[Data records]
"""
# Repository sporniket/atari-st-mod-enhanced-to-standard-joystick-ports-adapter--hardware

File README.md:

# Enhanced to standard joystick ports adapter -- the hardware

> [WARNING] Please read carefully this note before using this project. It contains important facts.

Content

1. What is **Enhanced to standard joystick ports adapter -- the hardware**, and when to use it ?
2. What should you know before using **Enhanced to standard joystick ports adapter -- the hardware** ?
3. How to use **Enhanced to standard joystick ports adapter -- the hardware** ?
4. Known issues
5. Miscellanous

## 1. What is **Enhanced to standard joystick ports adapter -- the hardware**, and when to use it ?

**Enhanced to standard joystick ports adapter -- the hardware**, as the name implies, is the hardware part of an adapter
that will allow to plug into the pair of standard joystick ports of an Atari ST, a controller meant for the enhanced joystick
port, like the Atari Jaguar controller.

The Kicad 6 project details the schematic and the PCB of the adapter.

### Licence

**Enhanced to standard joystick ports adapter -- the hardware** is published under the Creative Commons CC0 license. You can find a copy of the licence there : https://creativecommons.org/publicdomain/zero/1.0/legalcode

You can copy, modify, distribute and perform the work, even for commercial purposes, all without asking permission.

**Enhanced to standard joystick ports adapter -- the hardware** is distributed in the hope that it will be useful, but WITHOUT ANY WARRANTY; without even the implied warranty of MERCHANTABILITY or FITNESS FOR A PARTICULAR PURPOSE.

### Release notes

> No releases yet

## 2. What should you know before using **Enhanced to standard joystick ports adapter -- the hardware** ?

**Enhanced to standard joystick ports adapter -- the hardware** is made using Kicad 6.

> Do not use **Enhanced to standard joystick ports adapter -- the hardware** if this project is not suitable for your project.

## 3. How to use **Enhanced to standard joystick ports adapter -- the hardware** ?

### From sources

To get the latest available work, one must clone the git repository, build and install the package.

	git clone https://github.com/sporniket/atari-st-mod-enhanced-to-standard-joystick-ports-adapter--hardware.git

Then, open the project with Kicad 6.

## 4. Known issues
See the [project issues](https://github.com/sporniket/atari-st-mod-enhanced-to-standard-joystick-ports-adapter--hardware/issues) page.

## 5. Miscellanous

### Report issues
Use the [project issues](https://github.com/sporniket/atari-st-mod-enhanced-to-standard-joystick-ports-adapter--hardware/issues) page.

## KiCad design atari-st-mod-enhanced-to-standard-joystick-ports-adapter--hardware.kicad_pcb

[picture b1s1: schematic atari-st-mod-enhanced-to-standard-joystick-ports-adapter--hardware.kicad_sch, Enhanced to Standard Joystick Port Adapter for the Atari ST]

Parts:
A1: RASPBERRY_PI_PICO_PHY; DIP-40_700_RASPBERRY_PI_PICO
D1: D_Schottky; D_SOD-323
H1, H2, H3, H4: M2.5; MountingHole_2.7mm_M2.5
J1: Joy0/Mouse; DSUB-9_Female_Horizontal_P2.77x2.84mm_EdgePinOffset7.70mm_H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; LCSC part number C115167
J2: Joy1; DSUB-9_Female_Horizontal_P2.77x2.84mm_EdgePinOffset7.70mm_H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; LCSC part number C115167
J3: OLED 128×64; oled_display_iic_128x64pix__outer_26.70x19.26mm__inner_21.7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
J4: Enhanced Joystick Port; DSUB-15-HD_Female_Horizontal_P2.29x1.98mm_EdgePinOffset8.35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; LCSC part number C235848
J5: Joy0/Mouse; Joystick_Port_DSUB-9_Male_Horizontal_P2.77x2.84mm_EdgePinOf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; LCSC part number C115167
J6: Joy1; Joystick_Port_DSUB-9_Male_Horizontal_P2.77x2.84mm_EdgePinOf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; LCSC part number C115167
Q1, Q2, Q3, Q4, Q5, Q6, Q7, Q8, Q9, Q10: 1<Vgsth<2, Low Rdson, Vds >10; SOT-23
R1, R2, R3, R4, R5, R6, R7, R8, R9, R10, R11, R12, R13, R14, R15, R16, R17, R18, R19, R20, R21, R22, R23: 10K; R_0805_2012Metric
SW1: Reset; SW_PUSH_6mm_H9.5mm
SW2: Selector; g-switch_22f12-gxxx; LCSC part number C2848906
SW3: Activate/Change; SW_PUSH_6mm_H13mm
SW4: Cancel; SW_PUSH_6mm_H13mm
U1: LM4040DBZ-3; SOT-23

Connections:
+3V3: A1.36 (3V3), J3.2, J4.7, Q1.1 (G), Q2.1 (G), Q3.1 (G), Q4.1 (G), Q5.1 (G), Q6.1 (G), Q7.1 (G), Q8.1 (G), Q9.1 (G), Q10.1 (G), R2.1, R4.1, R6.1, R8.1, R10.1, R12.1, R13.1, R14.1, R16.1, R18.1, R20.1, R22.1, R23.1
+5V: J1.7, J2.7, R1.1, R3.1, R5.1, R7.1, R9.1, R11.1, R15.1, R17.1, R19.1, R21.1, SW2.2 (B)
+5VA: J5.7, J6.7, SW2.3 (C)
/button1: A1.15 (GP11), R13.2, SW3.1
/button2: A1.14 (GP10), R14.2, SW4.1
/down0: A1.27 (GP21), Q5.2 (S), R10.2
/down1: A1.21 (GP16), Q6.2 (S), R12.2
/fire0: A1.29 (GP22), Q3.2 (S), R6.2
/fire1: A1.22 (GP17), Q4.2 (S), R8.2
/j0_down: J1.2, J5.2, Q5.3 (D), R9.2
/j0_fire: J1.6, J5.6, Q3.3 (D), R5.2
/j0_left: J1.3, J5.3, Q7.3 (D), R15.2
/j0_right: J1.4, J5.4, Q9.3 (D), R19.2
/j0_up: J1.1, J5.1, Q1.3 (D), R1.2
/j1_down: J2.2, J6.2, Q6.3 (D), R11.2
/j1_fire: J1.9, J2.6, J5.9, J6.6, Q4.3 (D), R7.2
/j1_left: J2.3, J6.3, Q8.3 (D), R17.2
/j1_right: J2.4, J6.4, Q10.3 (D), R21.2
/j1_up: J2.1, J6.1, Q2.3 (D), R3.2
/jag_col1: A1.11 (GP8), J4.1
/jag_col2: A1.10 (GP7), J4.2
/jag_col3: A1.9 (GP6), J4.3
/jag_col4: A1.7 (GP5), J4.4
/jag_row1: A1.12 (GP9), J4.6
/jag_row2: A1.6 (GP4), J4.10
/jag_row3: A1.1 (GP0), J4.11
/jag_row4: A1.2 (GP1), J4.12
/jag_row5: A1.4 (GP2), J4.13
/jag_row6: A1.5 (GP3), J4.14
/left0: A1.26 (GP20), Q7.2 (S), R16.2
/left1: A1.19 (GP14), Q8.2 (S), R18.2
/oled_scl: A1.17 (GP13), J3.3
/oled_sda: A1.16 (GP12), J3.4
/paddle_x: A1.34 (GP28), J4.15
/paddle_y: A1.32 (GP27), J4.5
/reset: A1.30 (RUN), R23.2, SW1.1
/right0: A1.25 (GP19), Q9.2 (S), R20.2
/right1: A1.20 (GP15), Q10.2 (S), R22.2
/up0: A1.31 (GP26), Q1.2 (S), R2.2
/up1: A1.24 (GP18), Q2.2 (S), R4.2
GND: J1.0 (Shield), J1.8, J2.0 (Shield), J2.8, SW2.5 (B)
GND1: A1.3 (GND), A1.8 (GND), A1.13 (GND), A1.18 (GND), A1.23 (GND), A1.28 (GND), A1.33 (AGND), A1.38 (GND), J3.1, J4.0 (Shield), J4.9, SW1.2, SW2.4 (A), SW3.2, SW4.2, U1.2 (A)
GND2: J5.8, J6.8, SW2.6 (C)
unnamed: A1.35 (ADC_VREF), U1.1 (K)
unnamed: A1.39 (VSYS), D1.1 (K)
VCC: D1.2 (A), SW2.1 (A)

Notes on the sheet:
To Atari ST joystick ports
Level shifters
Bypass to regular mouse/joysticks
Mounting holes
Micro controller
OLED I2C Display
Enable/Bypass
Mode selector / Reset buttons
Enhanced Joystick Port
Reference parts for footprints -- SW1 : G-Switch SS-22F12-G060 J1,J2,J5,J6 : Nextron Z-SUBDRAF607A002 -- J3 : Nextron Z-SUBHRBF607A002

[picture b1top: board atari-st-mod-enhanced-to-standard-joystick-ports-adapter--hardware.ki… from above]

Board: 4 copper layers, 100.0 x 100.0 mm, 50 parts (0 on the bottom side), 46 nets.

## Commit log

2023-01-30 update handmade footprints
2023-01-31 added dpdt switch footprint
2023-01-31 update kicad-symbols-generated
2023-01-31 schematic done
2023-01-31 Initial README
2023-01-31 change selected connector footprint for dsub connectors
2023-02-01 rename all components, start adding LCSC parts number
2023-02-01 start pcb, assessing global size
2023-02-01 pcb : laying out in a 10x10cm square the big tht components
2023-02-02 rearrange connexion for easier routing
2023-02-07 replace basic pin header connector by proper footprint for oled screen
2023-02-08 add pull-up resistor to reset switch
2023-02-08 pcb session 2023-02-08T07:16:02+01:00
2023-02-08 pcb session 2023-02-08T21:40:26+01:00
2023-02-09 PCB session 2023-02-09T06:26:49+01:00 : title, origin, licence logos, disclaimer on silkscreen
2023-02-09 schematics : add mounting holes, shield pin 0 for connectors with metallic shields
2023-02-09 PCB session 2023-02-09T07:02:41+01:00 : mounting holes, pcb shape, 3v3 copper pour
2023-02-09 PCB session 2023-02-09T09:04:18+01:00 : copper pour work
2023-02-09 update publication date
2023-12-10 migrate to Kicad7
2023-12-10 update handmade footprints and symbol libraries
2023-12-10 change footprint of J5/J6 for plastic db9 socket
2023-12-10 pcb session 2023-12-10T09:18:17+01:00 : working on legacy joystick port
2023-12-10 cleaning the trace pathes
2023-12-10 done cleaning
"""
§ **Task description**: For the word "update", go through the records and show each line that carries it.

§ **Answer box**:
2023-01-30 update handmade footprints
2023-01-31 update kicad-symbols-generated
2023-02-09 update publication date
2023-12-10 update handmade footprints and symbol libraries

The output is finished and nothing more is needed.